*** Task inputs Section Begins ***
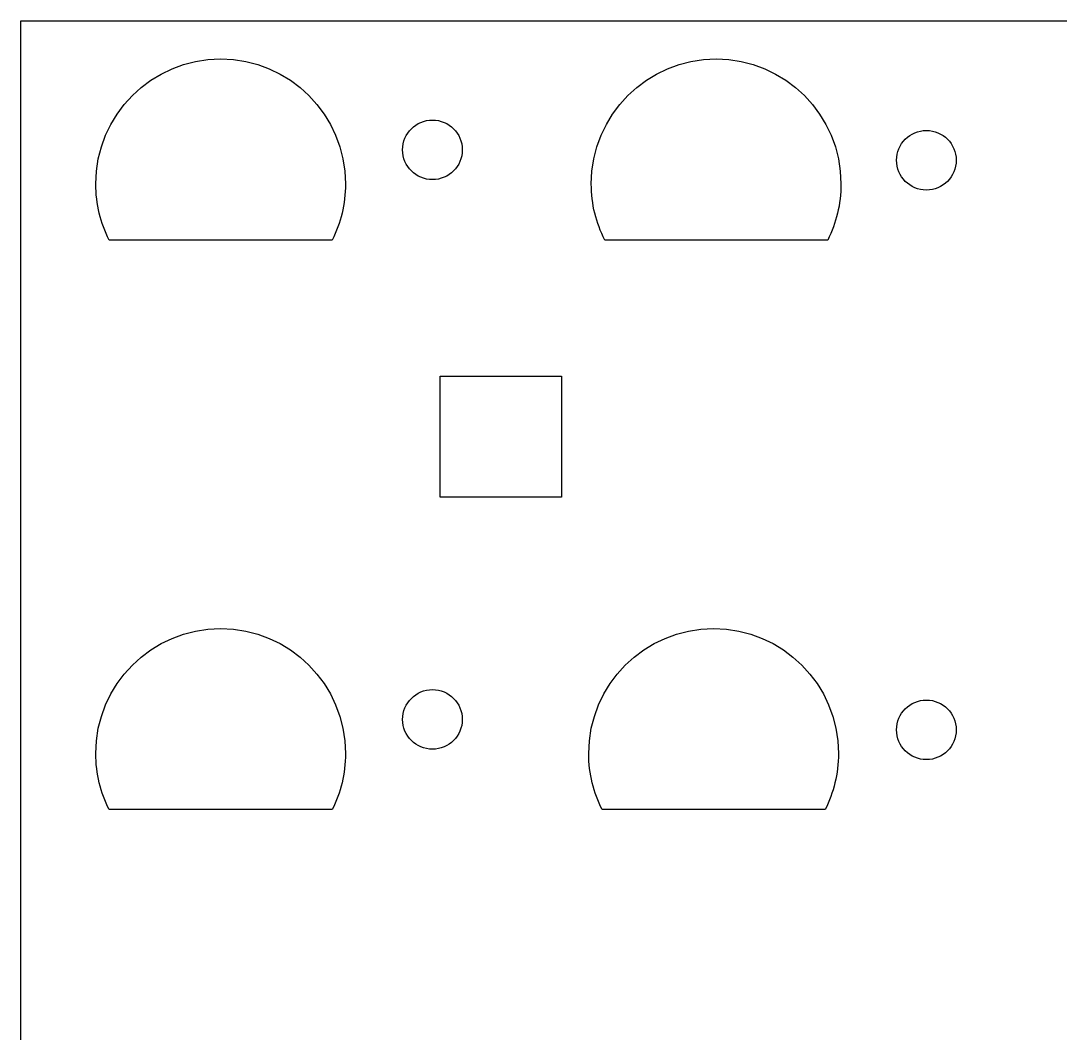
# Model space of a CAD drawing. Extents: x -370 to 54, y -4 to 394.
# Drawn here: x -159.8 to -57, y 96.2 to 196.4 of the extents above; entities that cross this region are included whole.
import ezdxf

# ---------------------------------------------------------------- set-up
doc = ezdxf.new("R2010")
doc.units = 0
doc.layers.get('0').update_dxf_attribs({"linetype": 'CONTINUOUS'})

msp = doc.modelspace()

# ---------------------------------------------------------------- linework, layer by layer
at = {"color": 7}
for p, q in [((-159.81623, 196.362697), (48.869504, 196.362697)), ((-159.81623, 1.461009), (-159.81623, 196.362697)), ((-120.729017, 186.03574), (-120.485797, 186.183506)), ((-120.485797, 186.183506), (-120.227931, 186.307729)), ((-120.227931, 186.307729), (-119.956885, 186.40693)), ((-119.956885, 186.40693), (-119.674183, 186.479619)), ((-119.674183, 186.479619), (-119.381264, 186.524323)), ((-119.381264, 186.524323), (-119.079653, 186.539535)), ((-119.079653, 186.539535), (-118.778014, 186.524323)), ((-118.778014, 186.524323), (-118.485124, 186.479619)), ((-118.485124, 186.479619), (-118.202394, 186.40693)), ((-118.202394, 186.40693), (-117.931376, 186.307729)), ((-117.931376, 186.307729), (-117.673481, 186.183506)), ((-117.673481, 186.183506), (-117.430262, 186.03574)), ((-121.673586, 184.9957), (-121.525843, 185.238928)), ((-121.525843, 185.238928), (-121.356001, 185.466026)), ((-121.356001, 185.466026), (-121.165614, 185.675517)), ((-121.165614, 185.675517), (-120.956121, 185.865918)), ((-120.956121, 185.865918), (-120.729017, 186.03574)), ((-117.430262, 186.03574), (-117.203158, 185.865918)), ((-117.203158, 185.865918), (-116.993664, 185.675517)), ((-116.993664, 185.675517), (-116.803277, 185.466026)), ((-116.803277, 185.466026), (-116.633464, 185.238928)), ((-116.633464, 185.238928), (-116.485693, 184.9957)), ((-71.855525, 185.003117), (-71.612306, 185.150883)), ((-71.612306, 185.150883), (-71.354411, 185.275106)), ((-71.354411, 185.275106), (-71.083365, 185.374307)), ((-71.083365, 185.374307), (-70.800663, 185.446996)), ((-70.800663, 185.446996), (-70.507773, 185.4917)), ((-70.507773, 185.4917), (-70.206133, 185.506912)), ((-70.206133, 185.506912), (-69.904523, 185.4917)), ((-69.904523, 185.4917), (-69.611604, 185.446996)), ((-69.611604, 185.446996), (-69.328902, 185.374307)), ((-69.328902, 185.374307), (-69.057856, 185.275106)), ((-69.057856, 185.275106), (-68.799989, 185.150883)), ((-68.799989, 185.150883), (-68.55677, 185.003117)), ((-122.014426, 183.891175), (-121.969722, 184.184082)), ((-121.969722, 184.184082), (-121.897021, 184.466793)), ((-121.897021, 184.466793), (-121.79782, 184.737828)), ((-121.79782, 184.737828), (-121.673586, 184.9957)), ((-116.485693, 184.9957), (-116.361487, 184.737828)), ((-116.361487, 184.737828), (-116.262285, 184.466793)), ((-116.262285, 184.466793), (-116.189585, 184.184082)), ((-116.189585, 184.184082), (-116.144881, 183.891175)), ((-72.800094, 183.963077), (-72.652323, 184.206305)), ((-72.652323, 184.206305), (-72.48251, 184.433403)), ((-72.48251, 184.433403), (-72.292094, 184.642897)), ((-72.292094, 184.642897), (-72.082629, 184.833295)), ((-72.082629, 184.833295), (-71.855525, 185.003117)), ((-68.55677, 185.003117), (-68.329666, 184.833295)), ((-68.329666, 184.833295), (-68.120173, 184.642897)), ((-68.120173, 184.642897), (-67.929785, 184.433403)), ((-67.929785, 184.433403), (-67.759944, 184.206305)), ((-67.759944, 184.206305), (-67.612201, 183.963077)), ((-122.029666, 183.589553), (-122.014426, 183.891175)), ((-122.014426, 183.287934), (-122.029666, 183.589553)), ((-121.969722, 182.995027), (-122.014426, 183.287934)), ((-116.144881, 183.287934), (-116.189585, 182.995027)), ((-116.144881, 183.891175), (-116.129641, 183.589553)), ((-116.129641, 183.589553), (-116.144881, 183.287934)), ((-73.140906, 182.858552), (-73.096202, 183.15146)), ((-73.096202, 183.15146), (-73.023501, 183.43417)), ((-73.023501, 183.43417), (-72.9243, 183.705205)), ((-72.9243, 183.705205), (-72.800094, 183.963077)), ((-67.612201, 183.963077), (-67.487967, 183.705205)), ((-67.487967, 183.705205), (-67.388765, 183.43417)), ((-67.388765, 183.43417), (-67.316065, 183.15146)), ((-67.316065, 183.15146), (-67.271361, 182.858552)), ((-121.897021, 182.712316), (-121.969722, 182.995027)), ((-121.79782, 182.441281), (-121.897021, 182.712316)), ((-121.673586, 182.183409), (-121.79782, 182.441281)), ((-121.525843, 181.940182), (-121.673586, 182.183409)), ((-116.485693, 182.183409), (-116.633464, 181.940182)), ((-116.361487, 182.441281), (-116.485693, 182.183409)), ((-116.262285, 182.712316), (-116.361487, 182.441281)), ((-116.189585, 182.995027), (-116.262285, 182.712316)), ((-73.156146, 182.55693), (-73.140906, 182.858552)), ((-73.140906, 182.255311), (-73.156146, 182.55693)), ((-73.096202, 181.962404), (-73.140906, 182.255311)), ((-67.271361, 182.255311), (-67.316065, 181.962404)), ((-67.271361, 182.858552), (-67.256121, 182.55693)), ((-67.256121, 182.55693), (-67.271361, 182.255311)), ((-121.356001, 181.71308), (-121.525843, 181.940182)), ((-121.165614, 181.503589), (-121.356001, 181.71308)), ((-120.956121, 181.313191), (-121.165614, 181.503589)), ((-120.729017, 181.143367), (-120.956121, 181.313191)), ((-120.485797, 180.995604), (-120.729017, 181.143367)), ((-117.430262, 181.143367), (-117.673481, 180.995604)), ((-117.203158, 181.313191), (-117.430262, 181.143367)), ((-116.993664, 181.503589), (-117.203158, 181.313191)), ((-116.803277, 181.71308), (-116.993664, 181.503589)), ((-116.633464, 181.940182), (-116.803277, 181.71308)), ((-73.023501, 181.679693), (-73.096202, 181.962404)), ((-72.9243, 181.408658), (-73.023501, 181.679693)), ((-72.800094, 181.150786), (-72.9243, 181.408658)), ((-72.652323, 180.907559), (-72.800094, 181.150786)), ((-67.612201, 181.150786), (-67.759944, 180.907559)), ((-67.487967, 181.408658), (-67.612201, 181.150786)), ((-67.388765, 181.679693), (-67.487967, 181.408658)), ((-67.316065, 181.962404), (-67.388765, 181.679693)), ((-120.227931, 180.871381), (-120.485797, 180.995604)), ((-119.956885, 180.77218), (-120.227931, 180.871381)), ((-119.674183, 180.699488), (-119.956885, 180.77218)), ((-119.381264, 180.654784), (-119.674183, 180.699488)), ((-119.079653, 180.639572), (-119.381264, 180.654784)), ((-118.778014, 180.654784), (-119.079653, 180.639572)), ((-118.485124, 180.699488), (-118.778014, 180.654784)), ((-118.202394, 180.77218), (-118.485124, 180.699488)), ((-117.931376, 180.871381), (-118.202394, 180.77218)), ((-117.673481, 180.995604), (-117.931376, 180.871381)), ((-72.48251, 180.680457), (-72.652323, 180.907559)), ((-72.292094, 180.470967), (-72.48251, 180.680457)), ((-72.082629, 180.280568), (-72.292094, 180.470967)), ((-71.855525, 180.110744), (-72.082629, 180.280568)), ((-71.612306, 179.962981), (-71.855525, 180.110744)), ((-68.55677, 180.110744), (-68.799989, 179.962981)), ((-68.329666, 180.280568), (-68.55677, 180.110744)), ((-68.120173, 180.470967), (-68.329666, 180.280568)), ((-67.929785, 180.680457), (-68.120173, 180.470967)), ((-67.759944, 180.907559), (-67.929785, 180.680457)), ((-71.354411, 179.838758), (-71.612306, 179.962981)), ((-71.083365, 179.739557), (-71.354411, 179.838758)), ((-70.800663, 179.666865), (-71.083365, 179.739557)), ((-70.507773, 179.622161), (-70.800663, 179.666865)), ((-70.206133, 179.606921), (-70.507773, 179.622161)), ((-69.904523, 179.622161), (-70.206133, 179.606921)), ((-69.611604, 179.666865), (-69.904523, 179.622161)), ((-69.328902, 179.739557), (-69.611604, 179.666865)), ((-69.057856, 179.838758), (-69.328902, 179.739557)), ((-68.799989, 179.962981), (-69.057856, 179.838758)), ((-118.31644, 161.202433), (-106.316436, 161.202433)), ((-118.31644, 149.202432), (-118.31644, 161.202433)), ((-106.316436, 161.202433), (-106.316436, 149.202432)), ((-106.316436, 149.202432), (-118.31644, 149.202432)), ((-120.956121, 129.495021), (-120.729017, 129.664842)), ((-120.729017, 129.664842), (-120.485797, 129.812608)), ((-120.485797, 129.812608), (-120.227931, 129.936831)), ((-120.227931, 129.936831), (-119.956885, 130.036032)), ((-119.956885, 130.036032), (-119.674183, 130.108721)), ((-119.674183, 130.108721), (-119.381264, 130.153425)), ((-119.381264, 130.153425), (-119.079653, 130.168637)), ((-119.079653, 130.168637), (-118.778014, 130.153425)), ((-118.778014, 130.153425), (-118.485124, 130.108721)), ((-118.485124, 130.108721), (-118.202394, 130.036032)), ((-118.202394, 130.036032), (-117.931376, 129.936831)), ((-117.931376, 129.936831), (-117.673481, 129.812608)), ((-117.673481, 129.812608), (-117.430262, 129.664842)), ((-117.430262, 129.664842), (-117.203158, 129.495021)), ((-121.79782, 128.366931), (-121.673586, 128.624803)), ((-121.673586, 128.624803), (-121.525843, 128.86803)), ((-121.525843, 128.86803), (-121.356001, 129.095129)), ((-121.356001, 129.095129), (-121.165614, 129.304622)), ((-121.165614, 129.304622), (-120.956121, 129.495021)), ((-117.203158, 129.495021), (-116.993664, 129.304622)), ((-116.993664, 129.304622), (-116.803277, 129.095129)), ((-116.803277, 129.095129), (-116.633464, 128.86803)), ((-116.633464, 128.86803), (-116.485693, 128.624803)), ((-116.485693, 128.624803), (-116.361487, 128.366931)), ((-72.082629, 128.462398), (-71.855525, 128.632219)), ((-71.855525, 128.632219), (-71.612306, 128.779985)), ((-71.612306, 128.779985), (-71.354411, 128.904208)), ((-71.354411, 128.904208), (-71.083365, 129.003409)), ((-71.083365, 129.003409), (-70.800663, 129.076099)), ((-70.800663, 129.076099), (-70.507773, 129.120803)), ((-70.507773, 129.120803), (-70.206133, 129.136014)), ((-70.206133, 129.136014), (-69.904523, 129.120803)), ((-69.904523, 129.120803), (-69.611604, 129.076099)), ((-69.611604, 129.076099), (-69.328902, 129.003409)), ((-69.328902, 129.003409), (-69.057856, 128.904208)), ((-69.057856, 128.904208), (-68.799989, 128.779985)), ((-68.799989, 128.779985), (-68.55677, 128.632219)), ((-68.55677, 128.632219), (-68.329666, 128.462398)), ((-122.014426, 127.520278), (-121.969722, 127.813185)), ((-121.969722, 127.813185), (-121.897021, 128.095896)), ((-121.897021, 128.095896), (-121.79782, 128.366931)), ((-116.361487, 128.366931), (-116.262285, 128.095896)), ((-116.262285, 128.095896), (-116.189585, 127.813185)), ((-116.189585, 127.813185), (-116.144881, 127.520278)), ((-72.9243, 127.334308), (-72.800094, 127.59218)), ((-72.800094, 127.59218), (-72.652323, 127.835407)), ((-72.652323, 127.835407), (-72.48251, 128.062506)), ((-72.48251, 128.062506), (-72.292094, 128.271997)), ((-72.292094, 128.271997), (-72.082629, 128.462398)), ((-68.329666, 128.462398), (-68.120173, 128.271997)), ((-68.120173, 128.271997), (-67.929785, 128.062506)), ((-67.929785, 128.062506), (-67.759944, 127.835407)), ((-67.759944, 127.835407), (-67.612201, 127.59218)), ((-67.612201, 127.59218), (-67.487967, 127.334308)), ((-122.029666, 127.218656), (-122.014426, 127.520278)), ((-122.014426, 126.917036), (-122.029666, 127.218656)), ((-121.969722, 126.624129), (-122.014426, 126.917036)), ((-121.897021, 126.341419), (-121.969722, 126.624129)), ((-116.189585, 126.624129), (-116.262285, 126.341419)), ((-116.144881, 126.917036), (-116.189585, 126.624129)), ((-116.144881, 127.520278), (-116.129641, 127.218656)), ((-116.129641, 127.218656), (-116.144881, 126.917036)), ((-73.140906, 126.487655), (-73.096202, 126.780562)), ((-73.096202, 126.780562), (-73.023501, 127.063273)), ((-73.023501, 127.063273), (-72.9243, 127.334308)), ((-67.487967, 127.334308), (-67.388765, 127.063273)), ((-67.388765, 127.063273), (-67.316065, 126.780562)), ((-67.316065, 126.780562), (-67.271361, 126.487655)), ((-121.79782, 126.070384), (-121.897021, 126.341419)), ((-121.673586, 125.812512), (-121.79782, 126.070384)), ((-121.525843, 125.569284), (-121.673586, 125.812512)), ((-121.356001, 125.342183), (-121.525843, 125.569284)), ((-116.633464, 125.569284), (-116.803277, 125.342183)), ((-116.485693, 125.812512), (-116.633464, 125.569284)), ((-116.361487, 126.070384), (-116.485693, 125.812512)), ((-116.262285, 126.341419), (-116.361487, 126.070384)), ((-73.156146, 126.186033), (-73.140906, 126.487655)), ((-73.140906, 125.884414), (-73.156146, 126.186033)), ((-73.096202, 125.591506), (-73.140906, 125.884414)), ((-73.023501, 125.308796), (-73.096202, 125.591506)), ((-67.316065, 125.591506), (-67.388765, 125.308796)), ((-67.271361, 125.884414), (-67.316065, 125.591506)), ((-67.271361, 126.487655), (-67.256121, 126.186033)), ((-67.256121, 126.186033), (-67.271361, 125.884414)), ((-121.165614, 125.132692), (-121.356001, 125.342183)), ((-120.956121, 124.942294), (-121.165614, 125.132692)), ((-120.729017, 124.772469), (-120.956121, 124.942294)), ((-120.485797, 124.624706), (-120.729017, 124.772469)), ((-120.227931, 124.500483), (-120.485797, 124.624706)), ((-119.956885, 124.401282), (-120.227931, 124.500483)), ((-117.931376, 124.500483), (-118.202394, 124.401282)), ((-117.673481, 124.624706), (-117.931376, 124.500483)), ((-117.430262, 124.772469), (-117.673481, 124.624706)), ((-117.203158, 124.942294), (-117.430262, 124.772469)), ((-116.993664, 125.132692), (-117.203158, 124.942294)), ((-116.803277, 125.342183), (-116.993664, 125.132692)), ((-72.9243, 125.037761), (-73.023501, 125.308796)), ((-72.800094, 124.779889), (-72.9243, 125.037761)), ((-72.652323, 124.536661), (-72.800094, 124.779889)), ((-72.48251, 124.30956), (-72.652323, 124.536661)), ((-67.759944, 124.536661), (-67.929785, 124.30956)), ((-67.612201, 124.779889), (-67.759944, 124.536661)), ((-67.487967, 125.037761), (-67.612201, 124.779889)), ((-67.388765, 125.308796), (-67.487967, 125.037761)), ((-119.674183, 124.32859), (-119.956885, 124.401282)), ((-119.381264, 124.283886), (-119.674183, 124.32859)), ((-119.079653, 124.268646), (-119.381264, 124.283886)), ((-118.778014, 124.283886), (-119.079653, 124.268646)), ((-118.485124, 124.32859), (-118.778014, 124.283886)), ((-118.202394, 124.401282), (-118.485124, 124.32859)), ((-72.292094, 124.100069), (-72.48251, 124.30956)), ((-72.082629, 123.909671), (-72.292094, 124.100069)), ((-71.855525, 123.739846), (-72.082629, 123.909671)), ((-71.612306, 123.592083), (-71.855525, 123.739846)), ((-71.354411, 123.46786), (-71.612306, 123.592083)), ((-71.083365, 123.368659), (-71.354411, 123.46786)), ((-69.057856, 123.46786), (-69.328902, 123.368659)), ((-68.799989, 123.592083), (-69.057856, 123.46786)), ((-68.55677, 123.739846), (-68.799989, 123.592083)), ((-68.329666, 123.909671), (-68.55677, 123.739846)), ((-68.120173, 124.100069), (-68.329666, 123.909671)), ((-67.929785, 124.30956), (-68.120173, 124.100069)), ((-70.800663, 123.295967), (-71.083365, 123.368659)), ((-70.507773, 123.251263), (-70.800663, 123.295967)), ((-70.206133, 123.236052), (-70.507773, 123.251263)), ((-69.904523, 123.251263), (-70.206133, 123.236052)), ((-69.611604, 123.295967), (-69.904523, 123.251263)), ((-69.328902, 123.368659), (-69.611604, 123.295967))]:
    msp.add_line(p, q, dxfattribs=at)
at = {"color": 5}
for p, q in [((-142.530768, 192.331886), (-141.304287, 192.519313)), ((-141.304287, 192.519313), (-140.041342, 192.583171)), ((-140.041342, 192.583171), (-138.778426, 192.519313)), ((-138.778426, 192.519313), (-137.551945, 192.331886)), ((-93.499963, 192.331886), (-92.273481, 192.519313)), ((-92.273481, 192.519313), (-91.010565, 192.583171)), ((-91.010565, 192.583171), (-89.747649, 192.519313)), ((-89.747649, 192.519313), (-88.521167, 192.331886)), ((-145.929373, 191.090388), (-144.849506, 191.611203)), ((-144.849506, 191.611203), (-143.714577, 192.027109)), ((-143.714577, 192.027109), (-142.530768, 192.331886)), ((-137.551945, 192.331886), (-136.368135, 192.027109)), ((-136.368135, 192.027109), (-135.233207, 191.611203)), ((-135.233207, 191.611203), (-134.15334, 191.090388)), ((-96.898567, 191.090388), (-95.818729, 191.611203)), ((-95.818729, 191.611203), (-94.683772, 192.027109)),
*** Task inputs Section Ends ***
What you should repeat exactly is the run of lines from the top of the listing above through the line with "msp = doc.modelspace()", without pictures.

Exercise answer:
# Model space of a CAD drawing. Extents: x -370 to 54, y -4 to 394.
# Drawn here: x -159.8 to -57, y 96.2 to 196.4 of the extents above; entities that cross this region are included whole.
import ezdxf

# ---------------------------------------------------------------- set-up
doc = ezdxf.new("R2010")
doc.units = 0
doc.layers.get('0').update_dxf_attribs({"linetype": 'CONTINUOUS'})

msp = doc.modelspace()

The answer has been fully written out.